**Problem to work on**
For the entries below, print exactly the lines between the line holding "#1474 = EDGE_CURVE" and the line holding "#6469 = FACE_OUTER_BOUND", inclusive, and nothing else.
--------
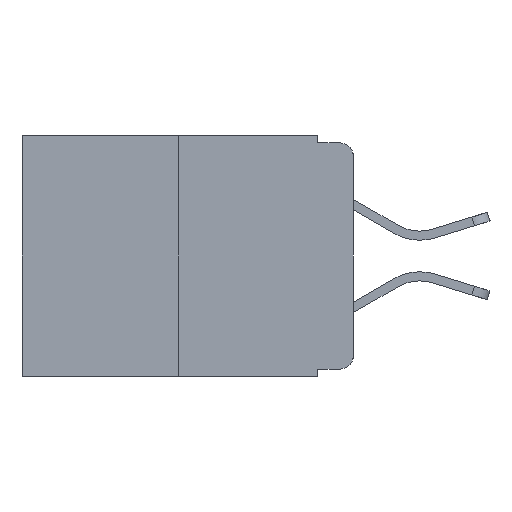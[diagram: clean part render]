
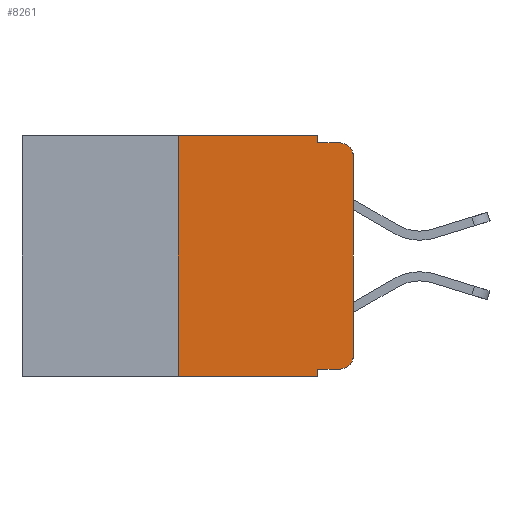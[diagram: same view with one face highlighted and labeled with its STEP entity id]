
A CAD part, left-side view. The second image highlights one B-rep face of the part: STEP entity #8261.
In plain terms, the highlighted planar face has unit normal (-1, 0, 0).
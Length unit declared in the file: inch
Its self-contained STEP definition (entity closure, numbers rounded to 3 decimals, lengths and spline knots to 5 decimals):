
#11 = ORIENTED_EDGE ( 'NONE', *, *, #2609, .F. ) ;
#161 = ORIENTED_EDGE ( 'NONE', *, *, #5216, .T. ) ;
#469 = VERTEX_POINT ( 'NONE', #9804 ) ;
#487 = ORIENTED_EDGE ( 'NONE', *, *, #4713, .F. ) ;
#557 = VERTEX_POINT ( 'NONE', #10182 ) ;
#633 = VERTEX_POINT ( 'NONE', #2640 ) ;
#682 = CARTESIAN_POINT ( 'NONE',  ( 0., 0.051, -0.343 ) ) ;
#869 = LINE ( 'NONE', #8000, #5019 ) ;
#1016 = DIRECTION ( 'NONE',  ( 0., -1., 0. ) ) ;
#1057 = CARTESIAN_POINT ( 'NONE',  ( 0., 0.051, 0. ) ) ;
#1207 = CARTESIAN_POINT ( 'NONE',  ( 0., 0.473, 0. ) ) ;
#1238 = VERTEX_POINT ( 'NONE', #7995 ) ;
#1633 = LINE ( 'NONE', #4555, #5635 ) ;
#1839 = VERTEX_POINT ( 'NONE', #8402 ) ;
#1863 = EDGE_CURVE ( 'NONE', #1839, #9822, #5076, .T. ) ;
#2255 = DIRECTION ( 'NONE',  ( 0., -1., 0. ) ) ;
#2463 = CIRCLE ( 'NONE', #5952, 0.02 ) ;
#2609 = EDGE_CURVE ( 'NONE', #9154, #6695, #1633, .T. ) ;
#2640 = CARTESIAN_POINT ( 'NONE',  ( 0., 0.051, 0. ) ) ;
#2705 = LINE ( 'NONE', #7792, #4541 ) ;
#2715 = LINE ( 'NONE', #1057, #6519 ) ;
#2949 = CIRCLE ( 'NONE', #5072, 0.02 ) ;
#3012 = EDGE_CURVE ( 'NONE', #1839, #4610, #7378, .T. ) ;
#3022 = VECTOR ( 'NONE', #7982, 39.37008 ) ;
#3208 = CARTESIAN_POINT ( 'NONE',  ( 0., 0.02, -0.313 ) ) ;
#3440 = ORIENTED_EDGE ( 'NONE', *, *, #4213, .F. ) ;
#3486 = VECTOR ( 'NONE', #2255, 39.37008 ) ;
#3504 = DIRECTION ( 'NONE',  ( -1., 0., 0. ) ) ;
#3570 = EDGE_CURVE ( 'NONE', #6695, #633, #5730, .T. ) ;
#3635 = CARTESIAN_POINT ( 'NONE',  ( 0., 0.02, -0.333 ) ) ;
#3690 = CARTESIAN_POINT ( 'NONE',  ( 0., 0., 0. ) ) ;
#3860 = DIRECTION ( 'NONE',  ( 1., 0., 0. ) ) ;
#3932 = ORIENTED_EDGE ( 'NONE', *, *, #3570, .F. ) ;
#4008 = DIRECTION ( 'NONE',  ( 0., 0., -1. ) ) ;
#4148 = EDGE_CURVE ( 'NONE', #9154, #4610, #869, .T. ) ;
#4213 = EDGE_CURVE ( 'NONE', #633, #557, #2715, .T. ) ;
#4336 = FACE_OUTER_BOUND ( 'NONE', #6330, .T. ) ;
#4541 = VECTOR ( 'NONE', #8473, 39.37008 ) ;
#4555 = CARTESIAN_POINT ( 'NONE',  ( 0., 0.25, 0. ) ) ;
#4610 = VERTEX_POINT ( 'NONE', #682 ) ;
#4648 = VECTOR ( 'NONE', #8954, 39.37008 ) ;
#4713 = EDGE_CURVE ( 'NONE', #557, #469, #2705, .T. ) ;
#5019 = VECTOR ( 'NONE', #1016, 39.37008 ) ;
#5072 = AXIS2_PLACEMENT_3D ( 'NONE', #8014, #3504, #8769 ) ;
#5076 = LINE ( 'NONE', #8009, #3022 ) ;
#5216 = EDGE_CURVE ( 'NONE', #7662, #469, #2949, .T. ) ;
#5635 = VECTOR ( 'NONE', #7599, 39.37008 ) ;
#5730 = LINE ( 'NONE', #1207, #3486 ) ;
#5952 = AXIS2_PLACEMENT_3D ( 'NONE', #3208, #8504, #4008 ) ;
#5960 = PLANE ( 'NONE',  #8791 ) ;
#6108 = CARTESIAN_POINT ( 'NONE',  ( 0., 0., -0.03 ) ) ;
#6206 = EDGE_CURVE ( 'NONE', #1238, #7662, #6380, .T. ) ;
#6330 = EDGE_LOOP ( 'NONE', ( #7799, #161, #487, #3440, #3932, #11, #8862, #9319, #9792, #8286 ) ) ;
#6380 = LINE ( 'NONE', #3690, #4648 ) ;
#6519 = VECTOR ( 'NONE', #8379, 39.37008 ) ;
#6558 = CARTESIAN_POINT ( 'NONE',  ( 0., 0.25, -0.343 ) ) ;
#6695 = VERTEX_POINT ( 'NONE', #8745 ) ;
#7126 = CARTESIAN_POINT ( 'NONE',  ( 0., 0.051, 0. ) ) ;
#7135 = DIRECTION ( 'NONE',  ( 0., 0., -1. ) ) ;
#7145 = VECTOR ( 'NONE', #7135, 39.37008 ) ;
#7378 = LINE ( 'NONE', #7126, #7145 ) ;
#7599 = DIRECTION ( 'NONE',  ( 0., 0., 1. ) ) ;
#7662 = VERTEX_POINT ( 'NONE', #6108 ) ;
#7780 = EDGE_CURVE ( 'NONE', #9822, #1238, #2463, .T. ) ;
#7792 = CARTESIAN_POINT ( 'NONE',  ( 0., 0.051, -0.01 ) ) ;
#7799 = ORIENTED_EDGE ( 'NONE', *, *, #6206, .T. ) ;
#7982 = DIRECTION ( 'NONE',  ( 0., -1., 0. ) ) ;
#7995 = CARTESIAN_POINT ( 'NONE',  ( 0., 0., -0.313 ) ) ;
#8000 = CARTESIAN_POINT ( 'NONE',  ( 0., 0.473, -0.343 ) ) ;
#8009 = CARTESIAN_POINT ( 'NONE',  ( 0., 0.051, -0.333 ) ) ;
#8014 = CARTESIAN_POINT ( 'NONE',  ( 0., 0.02, -0.03 ) ) ;
#8261 = ADVANCED_FACE ( 'NONE', ( #4336 ), #5960, .F. ) ;
#8286 = ORIENTED_EDGE ( 'NONE', *, *, #7780, .T. ) ;
#8376 = CARTESIAN_POINT ( 'NONE',  ( 0., 0.473, 0. ) ) ;
#8379 = DIRECTION ( 'NONE',  ( 0., 0., -1. ) ) ;
#8402 = CARTESIAN_POINT ( 'NONE',  ( 0., 0.051, -0.333 ) ) ;
#8473 = DIRECTION ( 'NONE',  ( 0., -1., 0. ) ) ;
#8504 = DIRECTION ( 'NONE',  ( -1., 0., 0. ) ) ;
#8745 = CARTESIAN_POINT ( 'NONE',  ( 0., 0.25, 0. ) ) ;
#8769 = DIRECTION ( 'NONE',  ( 0., 0., -1. ) ) ;
#8791 = AXIS2_PLACEMENT_3D ( 'NONE', #8376, #3860, #9112 ) ;
#8862 = ORIENTED_EDGE ( 'NONE', *, *, #4148, .T. ) ;
#8954 = DIRECTION ( 'NONE',  ( 0., 0., 1. ) ) ;
#9112 = DIRECTION ( 'NONE',  ( 0., 0., -1. ) ) ;
#9154 = VERTEX_POINT ( 'NONE', #6558 ) ;
#9319 = ORIENTED_EDGE ( 'NONE', *, *, #3012, .F. ) ;
#9792 = ORIENTED_EDGE ( 'NONE', *, *, #1863, .T. ) ;
#9804 = CARTESIAN_POINT ( 'NONE',  ( 0., 0.02, -0.01 ) ) ;
#9822 = VERTEX_POINT ( 'NONE', #3635 ) ;
#10182 = CARTESIAN_POINT ( 'NONE',  ( 0., 0.051, -0.01 ) ) ;
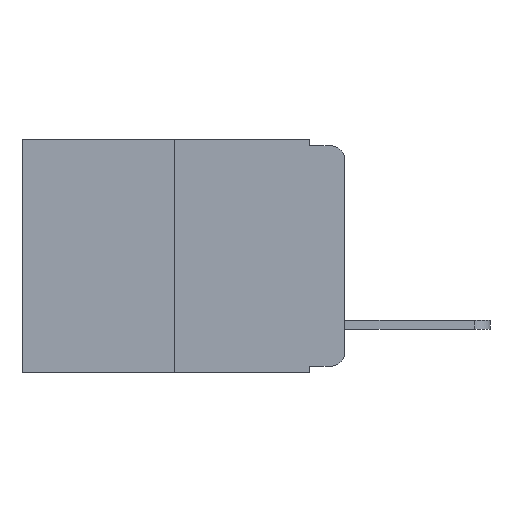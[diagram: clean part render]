
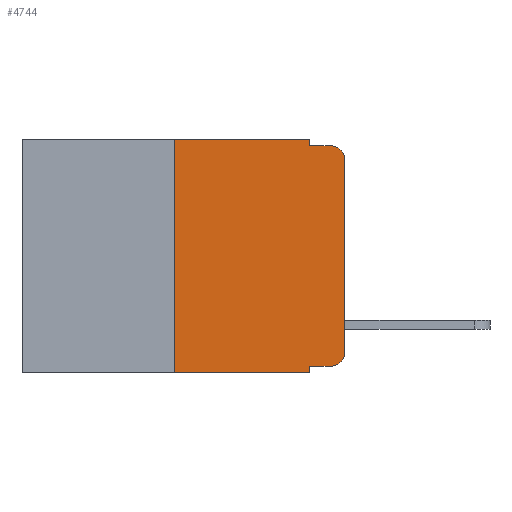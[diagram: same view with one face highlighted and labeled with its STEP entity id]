
A CAD part, left-side view. The second image highlights one B-rep face of the part: STEP entity #4744.
In plain terms, the highlighted planar face has unit normal (-1, 0, 0).
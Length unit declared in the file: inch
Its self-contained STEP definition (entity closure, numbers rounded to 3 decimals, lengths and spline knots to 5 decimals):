
#46 = AXIS2_PLACEMENT_3D ( 'NONE', #21732, #6528, #18412 ) ;
#556 = CARTESIAN_POINT ( 'NONE',  ( 0., 0.473, -0.343 ) ) ;
#582 = CARTESIAN_POINT ( 'NONE',  ( 0., 0.051, -0.333 ) ) ;
#705 = EDGE_CURVE ( 'NONE', #16573, #17741, #7444, .T. ) ;
#983 = CARTESIAN_POINT ( 'NONE',  ( 0., 0.051, -0.333 ) ) ;
#1474 = EDGE_CURVE ( 'NONE', #16197, #11681, #1811, .T. ) ;
#1811 = LINE ( 'NONE', #7012, #5832 ) ;
#2024 = VECTOR ( 'NONE', #6173, 39.37008 ) ;
#2164 = VECTOR ( 'NONE', #11109, 39.37008 ) ;
#2350 = DIRECTION ( 'NONE',  ( 0., -1., 0. ) ) ;
#2467 = ORIENTED_EDGE ( 'NONE', *, *, #19089, .F. ) ;
#2555 = AXIS2_PLACEMENT_3D ( 'NONE', #13004, #19724, #8042 ) ;
#3203 = CARTESIAN_POINT ( 'NONE',  ( 0., 0., 0. ) ) ;
#3800 = LINE ( 'NONE', #4765, #11514 ) ;
#3881 = LINE ( 'NONE', #4512, #2024 ) ;
#4444 = CARTESIAN_POINT ( 'NONE',  ( 0., 0.051, 0. ) ) ;
#4473 = ORIENTED_EDGE ( 'NONE', *, *, #9799, .T. ) ;
#4512 = CARTESIAN_POINT ( 'NONE',  ( 0., 0.051, 0. ) ) ;
#4744 = ADVANCED_FACE ( 'NONE', ( #6469 ), #6037, .F. ) ;
#4765 = CARTESIAN_POINT ( 'NONE',  ( 0., 0.473, 0. ) ) ;
#4855 = DIRECTION ( 'NONE',  ( 0., 0., 1. ) ) ;
#4936 = DIRECTION ( 'NONE',  ( -1., 0., 0. ) ) ;
#5220 = ORIENTED_EDGE ( 'NONE', *, *, #11524, .T. ) ;
#5382 = CARTESIAN_POINT ( 'NONE',  ( 0., 0.051, -0.01 ) ) ;
#5832 = VECTOR ( 'NONE', #7084, 39.37008 ) ;
#5936 = ORIENTED_EDGE ( 'NONE', *, *, #10666, .F. ) ;
#6037 = PLANE ( 'NONE',  #2555 ) ;
#6066 = DIRECTION ( 'NONE',  ( 0., 0., 1. ) ) ;
#6173 = DIRECTION ( 'NONE',  ( 0., 0., -1. ) ) ;
#6177 = EDGE_LOOP ( 'NONE', ( #16843, #15779, #2467, #17050, #12339, #7426, #19279, #5936, #4473, #5220 ) ) ;
#6469 = FACE_OUTER_BOUND ( 'NONE', #6177, .T. ) ;
#6528 = DIRECTION ( 'NONE',  ( -1., 0., 0. ) ) ;
#7012 = CARTESIAN_POINT ( 'NONE',  ( 0., 0.051, 0. ) ) ;
#7084 = DIRECTION ( 'NONE',  ( 0., 0., -1. ) ) ;
#7166 = LINE ( 'NONE', #983, #8211 ) ;
#7426 = ORIENTED_EDGE ( 'NONE', *, *, #8316, .F. ) ;
#7444 = CIRCLE ( 'NONE', #46, 0.02 ) ;
#7478 = CIRCLE ( 'NONE', #20178, 0.02 ) ;
#8018 = DIRECTION ( 'NONE',  ( 0., -1., 0. ) ) ;
#8042 = DIRECTION ( 'NONE',  ( 0., 0., -1. ) ) ;
#8211 = VECTOR ( 'NONE', #8018, 39.37008 ) ;
#8260 = VERTEX_POINT ( 'NONE', #9115 ) ;
#8316 = EDGE_CURVE ( 'NONE', #8260, #21716, #16299, .T. ) ;
#9115 = CARTESIAN_POINT ( 'NONE',  ( 0., 0.25, -0.343 ) ) ;
#9622 = EDGE_CURVE ( 'NONE', #8260, #17990, #19681, .T. ) ;
#9799 = EDGE_CURVE ( 'NONE', #11825, #11745, #7166, .T. ) ;
#10050 = DIRECTION ( 'NONE',  ( 0., 0., -1. ) ) ;
#10557 = CARTESIAN_POINT ( 'NONE',  ( 0., 0.25, 0. ) ) ;
#10666 = EDGE_CURVE ( 'NONE', #11825, #17990, #3881, .T. ) ;
#10829 = CARTESIAN_POINT ( 'NONE',  ( 0., 0., -0.03 ) ) ;
#11109 = DIRECTION ( 'NONE',  ( 0., -1., 0. ) ) ;
#11514 = VECTOR ( 'NONE', #15017, 39.37008 ) ;
#11524 = EDGE_CURVE ( 'NONE', #11745, #13207, #7478, .T. ) ;
#11681 = VERTEX_POINT ( 'NONE', #5382 ) ;
#11719 = CARTESIAN_POINT ( 'NONE',  ( 0., 0.051, -0.343 ) ) ;
#11737 = VECTOR ( 'NONE', #6066, 39.37008 ) ;
#11745 = VERTEX_POINT ( 'NONE', #12487 ) ;
#11825 = VERTEX_POINT ( 'NONE', #582 ) ;
#12339 = ORIENTED_EDGE ( 'NONE', *, *, #22038, .F. ) ;
#12487 = CARTESIAN_POINT ( 'NONE',  ( 0., 0.02, -0.333 ) ) ;
#12748 = CARTESIAN_POINT ( 'NONE',  ( 0., 0., -0.313 ) ) ;
#13004 = CARTESIAN_POINT ( 'NONE',  ( 0., 0.473, 0. ) ) ;
#13207 = VERTEX_POINT ( 'NONE', #12748 ) ;
#13689 = CARTESIAN_POINT ( 'NONE',  ( 0., 0.02, -0.01 ) ) ;
#15017 = DIRECTION ( 'NONE',  ( 0., -1., 0. ) ) ;
#15779 = ORIENTED_EDGE ( 'NONE', *, *, #705, .T. ) ;
#15803 = EDGE_CURVE ( 'NONE', #13207, #16573, #16748, .T. ) ;
#16197 = VERTEX_POINT ( 'NONE', #4444 ) ;
#16299 = LINE ( 'NONE', #19601, #11737 ) ;
#16573 = VERTEX_POINT ( 'NONE', #10829 ) ;
#16748 = LINE ( 'NONE', #3203, #20206 ) ;
#16843 = ORIENTED_EDGE ( 'NONE', *, *, #15803, .T. ) ;
#17050 = ORIENTED_EDGE ( 'NONE', *, *, #1474, .F. ) ;
#17360 = LINE ( 'NONE', #21507, #2164 ) ;
#17741 = VERTEX_POINT ( 'NONE', #13689 ) ;
#17990 = VERTEX_POINT ( 'NONE', #11719 ) ;
#18349 = VECTOR ( 'NONE', #2350, 39.37008 ) ;
#18412 = DIRECTION ( 'NONE',  ( 0., 0., -1. ) ) ;
#18547 = CARTESIAN_POINT ( 'NONE',  ( 0., 0.02, -0.313 ) ) ;
#19089 = EDGE_CURVE ( 'NONE', #11681, #17741, #17360, .T. ) ;
#19279 = ORIENTED_EDGE ( 'NONE', *, *, #9622, .T. ) ;
#19601 = CARTESIAN_POINT ( 'NONE',  ( 0., 0.25, 0. ) ) ;
#19681 = LINE ( 'NONE', #556, #18349 ) ;
#19724 = DIRECTION ( 'NONE',  ( 1., 0., 0. ) ) ;
#20178 = AXIS2_PLACEMENT_3D ( 'NONE', #18547, #4936, #10050 ) ;
#20206 = VECTOR ( 'NONE', #4855, 39.37008 ) ;
#21507 = CARTESIAN_POINT ( 'NONE',  ( 0., 0.051, -0.01 ) ) ;
#21716 = VERTEX_POINT ( 'NONE', #10557 ) ;
#21732 = CARTESIAN_POINT ( 'NONE',  ( 0., 0.02, -0.03 ) ) ;
#22038 = EDGE_CURVE ( 'NONE', #21716, #16197, #3800, .T. ) ;
--------
**Exercise response**
#1474 = EDGE_CURVE ( 'NONE', #16197, #11681, #1811, .T. ) ;
#1811 = LINE ( 'NONE', #7012, #5832 ) ;
#2024 = VECTOR ( 'NONE', #6173, 39.37008 ) ;
#2164 = VECTOR ( 'NONE', #11109, 39.37008 ) ;
#2350 = DIRECTION ( 'NONE',  ( 0., -1., 0. ) ) ;
#2467 = ORIENTED_EDGE ( 'NONE', *, *, #19089, .F. ) ;
#2555 = AXIS2_PLACEMENT_3D ( 'NONE', #13004, #19724, #8042 ) ;
#3203 = CARTESIAN_POINT ( 'NONE',  ( 0., 0., 0. ) ) ;
#3800 = LINE ( 'NONE', #4765, #11514 ) ;
#3881 = LINE ( 'NONE', #4512, #2024 ) ;
#4444 = CARTESIAN_POINT ( 'NONE',  ( 0., 0.051, 0. ) ) ;
#4473 = ORIENTED_EDGE ( 'NONE', *, *, #9799, .T. ) ;
#4512 = CARTESIAN_POINT ( 'NONE',  ( 0., 0.051, 0. ) ) ;
#4744 = ADVANCED_FACE ( 'NONE', ( #6469 ), #6037, .F. ) ;
#4765 = CARTESIAN_POINT ( 'NONE',  ( 0., 0.473, 0. ) ) ;
#4855 = DIRECTION ( 'NONE',  ( 0., 0., 1. ) ) ;
#4936 = DIRECTION ( 'NONE',  ( -1., 0., 0. ) ) ;
#5220 = ORIENTED_EDGE ( 'NONE', *, *, #11524, .T. ) ;
#5382 = CARTESIAN_POINT ( 'NONE',  ( 0., 0.051, -0.01 ) ) ;
#5832 = VECTOR ( 'NONE', #7084, 39.37008 ) ;
#5936 = ORIENTED_EDGE ( 'NONE', *, *, #10666, .F. ) ;
#6037 = PLANE ( 'NONE',  #2555 ) ;
#6066 = DIRECTION ( 'NONE',  ( 0., 0., 1. ) ) ;
#6173 = DIRECTION ( 'NONE',  ( 0., 0., -1. ) ) ;
#6177 = EDGE_LOOP ( 'NONE', ( #16843, #15779, #2467, #17050, #12339, #7426, #19279, #5936, #4473, #5220 ) ) ;
#6469 = FACE_OUTER_BOUND ( 'NONE', #6177, .T. ) ;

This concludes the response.